After markers were placed, subjects walked along a 5.5 m walkway at a controlled walking speed (1.3 m/s) for four order-randomized conditions. The speed of each subject was monitored with timing lights (Brower, Salt Lake City, UT, USA) and each trial had to be within 0.1 m/s of the target speed in order to be considered successful. A baseline condition was performed with subjects walking barefoot (without the brace) to evaluate effects of wearing the brace (CON). Brace conditions included subjects walking while wearing the brace on the left foot (Fig. 1; ValguLoc II, Bauerfeind, Inc. Atlanta, GA, USA), when it was unlocked so that the MTP joint moved freely (BR_UN). Additionally, subjects walked with MTP motion restricted in two different ways, either locked at zero degrees of extension (BR_NT) or locked into 30 degrees of extension (BR_EX). This brace was chosen as it can limit MTP extension without impeding marker placement. The starting position on the walkway was adjusted by researchers to prevent targeted foot placement. At least three trials with accurate speed and successful foot placement on a commercial pressure/shear sensing device (FootSTEPS, ISSI, Dayton, OH, USA) were collected for the four conditions.

Fig. 1
figure 1

A subject wearing the brace positioned in 30 degrees of MTP extension (BR_EX; top image) and brace locked in zero degrees of extension (BR_NT; bottom image)

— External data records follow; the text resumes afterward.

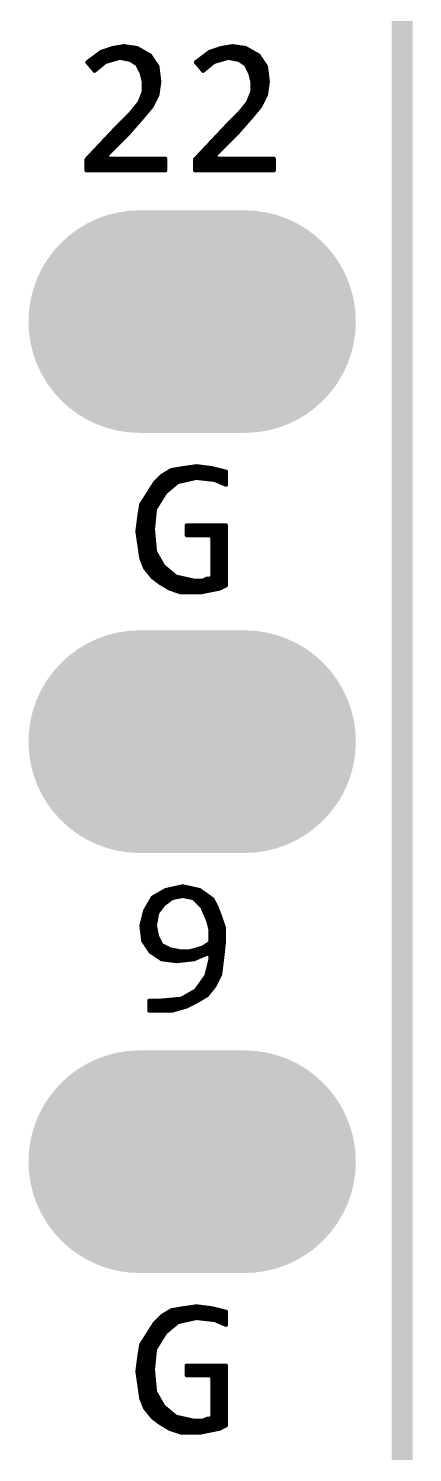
# Model space of a CAD drawing. Extents: x 17.6 to 58.9, y 21.2 to 90.7.
# Drawn here: x 48.54 to 50.86, y 42.39 to 51 of the extents above; entities that cross this region are included whole.
import ezdxf

# ---------------------------------------------------------------- set-up
doc = ezdxf.new("R2010")
doc.units = 0
doc.header["$MEASUREMENT"] = 0
doc.layers.get('0').update_dxf_attribs({"linetype": 'CONTINUOUS'})
doc.layers.add('SILKTOP_PHO', color=251, linetype='CONTINUOUS')

# ---------------------------------------------------------------- blocks, each defined once
blk = doc.blocks.new('ROUND_1')
at = {"const_width": 0.0127}
blk.add_lwpolyline([(-0.00635, 0, 1), (0.00635, 0, 1)], format="xyb", close=True, dxfattribs=at)
blk = doc.blocks.new('OBLONG_245')
at = {"const_width": 1.3462}
blk.add_lwpolyline([(0.3175, 0), (-0.3175, 0)], dxfattribs=at)
at = {"const_width": 0.6731}
for points in [[(-0.65405, 0, 1), (0.01905, 0, 1)], [(-0.01905, 0, 1), (0.65405, 0, 1)]]:
    blk.add_lwpolyline(points, format="xyb", close=True, dxfattribs=at)

msp = doc.modelspace()

# ---------------------------------------------------------------- linework, layer by layer
at = {"const_width": 0.127}
msp.add_lwpolyline([(50.8, 25.900126), (50.8, 73.159874)], dxfattribs=at)
at = {"layer": 'SILKTOP_PHO'}
for points, const_width in [([(50.8, 25.900126), (50.8, 73.159874)], 0.127), ([(49.048416, 50.878486), (48.979836, 50.855626)], 0.0254), ([(49.0474, 50.80762), (49.0474, 50.878232)], 0.0254), ([(49.11725, 50.89017), (49.048416, 50.878486)], 0.0254), ([(49.0728, 50.814732), (49.0728, 50.88255)], 0.0254), ([(49.0982, 50.819304), (49.0982, 50.886868)], 0.0254), ([(49.196498, 50.87874), (49.11725, 50.89017)], 0.0254), ([(49.1236, 50.814224), (49.1236, 50.889154)], 0.0254), ([(49.149, 50.809144), (49.149, 50.885598)], 0.0254), ([(49.1744, 50.796444), (49.1744, 50.881788)], 0.0254), ([(49.275238, 50.833782), (49.196498, 50.87874)], 0.0254), ([(49.70526, 50.878486), (49.636426, 50.855626)], 0.0254), ([(49.77384, 50.89017), (49.70526, 50.878486)], 0.0254), ([(49.7078, 50.808636), (49.7078, 50.878994)], 0.0254), ([(49.7332, 50.815748), (49.7332, 50.883312)], 0.0254), ([(49.7586, 50.818542), (49.7586, 50.88763)], 0.0254), ([(49.853088, 50.87874), (49.77384, 50.89017)], 0.0254), ([(49.784, 50.813462), (49.784, 50.888646)], 0.0254), ([(49.8094, 50.808382), (49.8094, 50.88509)], 0.0254), ([(49.8348, 50.793904), (49.8348, 50.88128)], 0.0254), ([(49.932082, 50.833782), (49.853088, 50.87874)], 0.0254), ([(48.979836, 50.855626), (48.896524, 50.793396)], 0.0254), ([(48.896524, 50.793396), (48.939704, 50.74158)], 0.0254), ([(48.9204, 50.764694), (48.9204, 50.811176)], 0.0254), ([(48.939704, 50.74158), (49.001426, 50.793142)], 0.0254), ([(48.9458, 50.746914), (48.9458, 50.830226)], 0.0254), ([(48.9712, 50.767996), (48.9712, 50.849276)], 0.0254), ([(48.9966, 50.789332), (48.9966, 50.861214)], 0.0254), ([(49.001426, 50.793142), (49.005998, 50.795682)], 0.0254), ([(49.005998, 50.795682), (49.089564, 50.819558)], 0.0254), ([(49.022, 50.800254), (49.022, 50.86985)], 0.0254), ([(49.089564, 50.819558), (49.09566, 50.819812)], 0.0254), ([(49.09566, 50.819812), (49.15535, 50.807874)], 0.0254), ([(49.15535, 50.807874), (49.159922, 50.806096)], 0.0254), ([(49.159922, 50.806096), (49.195736, 50.78222)], 0.0254), ([(49.1998, 50.777648), (49.1998, 50.876708)], 0.0254), ([(49.2252, 50.725578), (49.2252, 50.86223)], 0.0254), ([(49.2506, 50.486056), (49.2506, 50.847752)], 0.0254), ([(49.319688, 50.76698), (49.275238, 50.833782)], 0.0254), ([(49.276, 50.516536), (49.276, 50.832766)], 0.0254), ([(49.3014, 50.559716), (49.3014, 50.794666)], 0.0254), ([(49.636426, 50.855626), (49.553368, 50.793396)], 0.0254), ([(49.553368, 50.793396), (49.596294, 50.74158)], 0.0254), ([(49.5554, 50.790856), (49.5554, 50.79492)], 0.0254), ([(49.5808, 50.760376), (49.5808, 50.81397)], 0.0254), ([(49.596294, 50.74158), (49.65827, 50.793142)], 0.0254), ([(49.6062, 50.749962), (49.6062, 50.83302)], 0.0254), ([(49.6316, 50.771044), (49.6316, 50.85207)], 0.0254), ([(49.657, 50.79238), (49.657, 50.862484)], 0.0254), ([(49.65827, 50.793142), (49.662842, 50.795682)], 0.0254), ([(49.662842, 50.795682), (49.746408, 50.819558)], 0.0254), ([(49.6824, 50.80127), (49.6824, 50.87112)], 0.0254), ([(49.746408, 50.819558), (49.75225, 50.819812)], 0.0254), ([(49.75225, 50.819812), (49.812194, 50.807874)], 0.0254), ([(49.812194, 50.807874), (49.816512, 50.806096)], 0.0254), ([(49.816512, 50.806096), (49.852326, 50.78222)], 0.0254), ([(49.8602, 50.770282), (49.8602, 50.874676)], 0.0254), ([(49.8856, 50.710846), (49.8856, 50.860198)], 0.0254), ([(49.911, 50.490374), (49.911, 50.84572)], 0.0254), ([(49.976532, 50.76698), (49.932082, 50.833782)], 0.0254), ([(49.9364, 50.520854), (49.9364, 50.827178)], 0.0254), ([(49.195736, 50.78222), (49.200054, 50.77714)], 0.0254), ([(49.200054, 50.77714), (49.22393, 50.729388)], 0.0254), ([(49.22393, 50.729388), (49.224946, 50.726848)], 0.0254), ([(49.224946, 50.726848), (49.236884, 50.679096)], 0.0254), ([(49.331118, 50.676048), (49.319688, 50.76698)], 0.0254), ([(49.3268, 50.646076), (49.3268, 50.710592)], 0.0254), ([(49.852326, 50.78222), (49.856644, 50.77714)], 0.0254), ([(49.856644, 50.77714), (49.88052, 50.729388)], 0.0254), ([(49.88052, 50.729388), (49.881536, 50.726848)], 0.0254), ([(49.881536, 50.726848), (49.893474, 50.679096)], 0.0254), ([(49.9618, 50.567082), (49.9618, 50.789078)], 0.0254), ([(49.987708, 50.676048), (49.976532, 50.76698)], 0.0254), ([(49.236884, 50.679096), (49.237138, 50.676048)], 0.0254), ([(49.237138, 50.676048), (49.237138, 50.616358)], 0.0254), ([(49.319688, 50.596292), (49.331118, 50.676048)], 0.0254), ([(49.893474, 50.679096), (49.893982, 50.676048)], 0.0254), ([(49.893982, 50.676048), (49.893982, 50.616358)], 0.0254), ([(49.976532, 50.596292), (49.987708, 50.676048)], 0.0254), ([(49.9872, 50.671984), (49.9872, 50.681128)], 0.0254), ([(49.210468, 50.548794), (49.162716, 50.489104)], 0.0254), ([(49.1998, 50.42662), (49.1998, 50.535332)], 0.0254), ([(49.2125, 50.551842), (49.210468, 50.548794)], 0.0254), ([(49.236376, 50.611532), (49.2125, 50.551842)], 0.0254), ([(49.2252, 50.455576), (49.2252, 50.583846)], 0.0254), ([(49.237138, 50.616358), (49.236376, 50.611532)], 0.0254), ([(49.285398, 50.527712), (49.319688, 50.596292)], 0.0254), ([(49.867312, 50.548794), (49.81956, 50.489104)], 0.0254), ([(49.8602, 50.430684), (49.8602, 50.539904)], 0.0254), ([(49.86909, 50.551842), (49.867312, 50.548794)], 0.0254), ([(49.892966, 50.611532), (49.86909, 50.551842)], 0.0254), ([(49.8856, 50.459894), (49.8856, 50.59299)], 0.0254), ([(49.893982, 50.616358), (49.892966, 50.611532)], 0.0254), ([(49.942242, 50.527712), (49.976532, 50.596292)], 0.0254), ([(49.161954, 50.488088), (49.078388, 50.404522)], 0.0254), ([(49.1236, 50.342292), (49.1236, 50.449734)], 0.0254), ([(49.143666, 50.362358), (49.226724, 50.457354)], 0.0254), ([(49.149, 50.368454), (49.149, 50.475134)], 0.0254), ([(49.162716, 50.489104), (49.161954, 50.488088)], 0.0254), ([(49.1744, 50.397664), (49.1744, 50.503582)], 0.0254), ([(49.226724, 50.457354), (49.285398, 50.527712)], 0.0254), ([(49.818544, 50.488088), (49.735232, 50.404522)], 0.0254), ([(49.784, 50.346102), (49.784, 50.45329)], 0.0254), ([(49.800256, 50.362358), (49.883568, 50.457354)], 0.0254), ([(49.8094, 50.372772), (49.8094, 50.47869)], 0.0254), ([(49.81956, 50.489104), (49.818544, 50.488088)], 0.0254), ([(49.8348, 50.401728), (49.8348, 50.508154)], 0.0254), ([(49.883568, 50.457354), (49.942242, 50.527712)], 0.0254), ([(49.078388, 50.404522), (48.890936, 50.205386)], 0.0254), ([(49.012602, 50.231294), (49.143666, 50.362358)], 0.0254), ([(49.0474, 50.266092), (49.0474, 50.371502)], 0.0254), ([(49.0728, 50.291492), (49.0728, 50.39868)], 0.0254), ([(49.0982, 50.316892), (49.0982, 50.424334)], 0.0254), ([(49.735232, 50.404522), (49.54778, 50.205386)], 0.0254), ([(49.669192, 50.231294), (49.800256, 50.362358)], 0.0254), ([(49.7078, 50.269902), (49.7078, 50.375566)], 0.0254), ([(49.7332, 50.295302), (49.7332, 50.40249)], 0.0254), ([(49.7586, 50.320702), (49.7586, 50.42789)], 0.0254), ([(48.9712, 50.1396), (48.9712, 50.29073)], 0.0254), ([(48.9966, 50.1396), (48.9966, 50.317654)], 0.0254), ([(49.022, 50.240692), (49.022, 50.344578)], 0.0254), ([(49.6316, 50.1396), (49.6316, 50.29454)], 0.0254), ([(49.657, 50.1396), (49.657, 50.321464)], 0.0254), ([(49.6824, 50.244502), (49.6824, 50.348388)], 0.0254), ([(48.890936, 50.205386), (48.890936, 50.1396)], 0.0254), ([(48.895, 50.1396), (48.895, 50.209704)], 0.0254), ([(48.9204, 50.1396), (48.9204, 50.236628)], 0.0254), ([(48.9458, 50.1396), (48.9458, 50.263552)], 0.0254), ([(49.021492, 50.209704), (49.012602, 50.231294)], 0.0254), ([(49.366932, 50.209704), (49.021492, 50.209704)], 0.0254), ([(49.022, 50.1396), (49.022, 50.209704)], 0.0254), ([(49.0474, 50.1396), (49.0474, 50.209704)], 0.0254), ([(49.0728, 50.1396), (49.0728, 50.209704)], 0.0254), ([(49.0982, 50.1396), (49.0982, 50.209704)], 0.0254), ([(49.1236, 50.1396), (49.1236, 50.209704)], 0.0254), ([(49.149, 50.1396), (49.149, 50.209704)], 0.0254), ([(49.1744, 50.1396), (49.1744, 50.209704)], 0.0254), ([(49.1998, 50.1396), (49.1998, 50.209704)], 0.0254), ([(49.2252, 50.1396), (49.2252, 50.209704)], 0.0254), ([(49.2506, 50.1396), (49.2506, 50.209704)], 0.0254), ([(49.276, 50.1396), (49.276, 50.209704)], 0.0254), ([(49.3014, 50.1396), (49.3014, 50.209704)], 0.0254), ([(49.3268, 50.1396), (49.3268, 50.209704)], 0.0254), ([(49.3522, 50.1396), (49.3522, 50.209704)], 0.0254), ([(49.366932, 50.1396), (49.366932, 50.209704)], 0.0254), ([(49.54778, 50.205386), (49.54778, 50.1396)], 0.0254), ([(49.5554, 50.1396), (49.5554, 50.213514)], 0.0254), ([(49.5808, 50.1396), (49.5808, 50.240438)], 0.0254), ([(49.6062, 50.1396), (49.6062, 50.267616)], 0.0254), ([(49.678336, 50.209704), (49.669192, 50.231294)], 0.0254), ([(50.023776, 50.209704), (49.678336, 50.209704)], 0.0254), ([(49.6824, 50.1396), (49.6824, 50.209704)], 0.0254), ([(49.7078, 50.1396), (49.7078, 50.209704)], 0.0254), ([(49.7332, 50.1396), (49.7332, 50.209704)], 0.0254), ([(49.7586, 50.1396), (49.7586, 50.209704)], 0.0254), ([(49.784, 50.1396), (49.784, 50.209704)], 0.0254), ([(49.8094, 50.1396), (49.8094, 50.209704)], 0.0254), ([(49.8348, 50.1396), (49.8348, 50.209704)], 0.0254), ([(49.8602, 50.1396), (49.8602, 50.209704)], 0.0254), ([(49.8856, 50.1396), (49.8856, 50.209704)], 0.0254), ([(49.911, 50.1396), (49.911, 50.209704)], 0.0254), ([(49.9364, 50.1396), (49.9364, 50.209704)], 0.0254), ([(49.9618, 50.1396), (49.9618, 50.209704)], 0.0254), ([(49.9872, 50.1396), (49.9872, 50.209704)], 0.0254), ([(50.0126, 50.1396), (50.0126, 50.209704)], 0.0254), ([(50.023776, 50.1396), (50.023776, 50.209704)], 0.0254), ([(48.890936, 50.1396), (49.366932, 50.1396)], 0.0254), ([(49.54778, 50.1396), (50.023776, 50.1396)], 0.0254), ([(49.40554, 48.327056), (49.349152, 48.293274)], 0.0254), ([(49.3522, 48.168052), (49.3522, 48.295052)], 0.0254), ([(49.3776, 48.200818), (49.3776, 48.310292)], 0.0254), ([(49.403, 48.2219), (49.403, 48.325532)], 0.0254), ([(49.474628, 48.338486), (49.40554, 48.327056)], 0.0254), ([(49.4284, 48.243236), (49.4284, 48.330866)], 0.0254), ([(49.4538, 48.257714), (49.4538, 48.33493)], 0.0254), ([(49.556416, 48.35017), (49.474628, 48.338486)], 0.0254), ([(49.4792, 48.263302), (49.4792, 48.339248)], 0.0254), ([(49.5046, 48.269144), (49.5046, 48.342804)], 0.0254), ([(49.53, 48.274732), (49.53, 48.34636)], 0.0254), ([(49.5554, 48.280066), (49.5554, 48.35017)], 0.0254), ([(49.64938, 48.338486), (49.556416, 48.35017)], 0.0254), ([(49.5808, 48.277526), (49.5808, 48.347122)], 0.0254), ([(49.6062, 48.274732), (49.6062, 48.344074)], 0.0254), ([(49.6316, 48.271938), (49.6316, 48.340772)], 0.0254), ([(49.73447, 48.31715), (49.64938, 48.338486)], 0.0254), ([(49.657, 48.269144), (49.657, 48.336708)], 0.0254), ([(49.6824, 48.26127), (49.6824, 48.330358)], 0.0254), ([(49.7078, 48.250348), (49.7078, 48.324008)], 0.0254), ([(49.7332, 48.23968), (49.7332, 48.317658)], 0.0254), ([(49.73447, 48.238918), (49.73447, 48.31715)], 0.0254), ([(49.303432, 48.247554), (49.222152, 48.119538)], 0.0254), ([(49.3014, 48.055784), (49.3014, 48.244252)], 0.0254), ([(49.349152, 48.293274), (49.303432, 48.247554)], 0.0254), ([(49.3268, 48.127412), (49.3268, 48.270922)], 0.0254), ([(49.368964, 48.193706), (49.440592, 48.253396)], 0.0254), ([(49.440592, 48.253396), (49.445926, 48.255936)], 0.0254), ([(49.445926, 48.255936), (49.553368, 48.279812)], 0.0254), ([(49.553368, 48.279812), (49.557686, 48.280066)], 0.0254), ([(49.557686, 48.280066), (49.665128, 48.268128)], 0.0254), ([(49.665128, 48.268128), (49.668684, 48.267112)], 0.0254), ([(49.668684, 48.267112), (49.73447, 48.238918)], 0.0254), ([(49.2252, 47.786036), (49.2252, 48.124364)], 0.0254), ([(49.2506, 47.729648), (49.2506, 48.164496)], 0.0254), ([(49.276, 47.697898), (49.276, 48.204374)], 0.0254), ([(49.306734, 48.095154), (49.366424, 48.190658)], 0.0254), ([(49.366424, 48.190658), (49.368964, 48.193706)], 0.0254), ([(49.210722, 48.050704), (49.198784, 47.957232)], 0.0254), ([(49.222152, 48.119538), (49.210722, 48.050704)], 0.0254), ([(49.292764, 47.970186), (49.304702, 48.089566)], 0.0254), ([(49.304702, 48.089566), (49.306734, 48.095154)], 0.0254), ([(49.198784, 47.957232), (49.222406, 47.793148)], 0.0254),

Motion data were collected with a 12-camera motion capture system (Qualisys, Gottberg, Sweden) at 100 Hz. Force, center of pressure, and free moment data for each foot segment were calculated using pressure and shear data from the FootSTEPS device, which was placed in the center of the walkway. This sensor consists of a stress-sensitive film, a camera (sampled at 50 Hz), and a force plate (sampled at 1000 Hz). During contact, film displacements are optically measured by the camera, then converted into vertical pressure and mediolateral and anteroposterior shear stress distributions using a finite element analysis. Further details about this device’s hardware and measurement validity are available by Goss et al. [10].

Data analysis

Data analysis consisted of segment force identification, performed in custom LabView code (National Instruments, Austin, TX, USA), followed by model kinematics and inverse dynamics, performed in Visual 3D software (C-Motion, Inc. Germantown, MD, USA).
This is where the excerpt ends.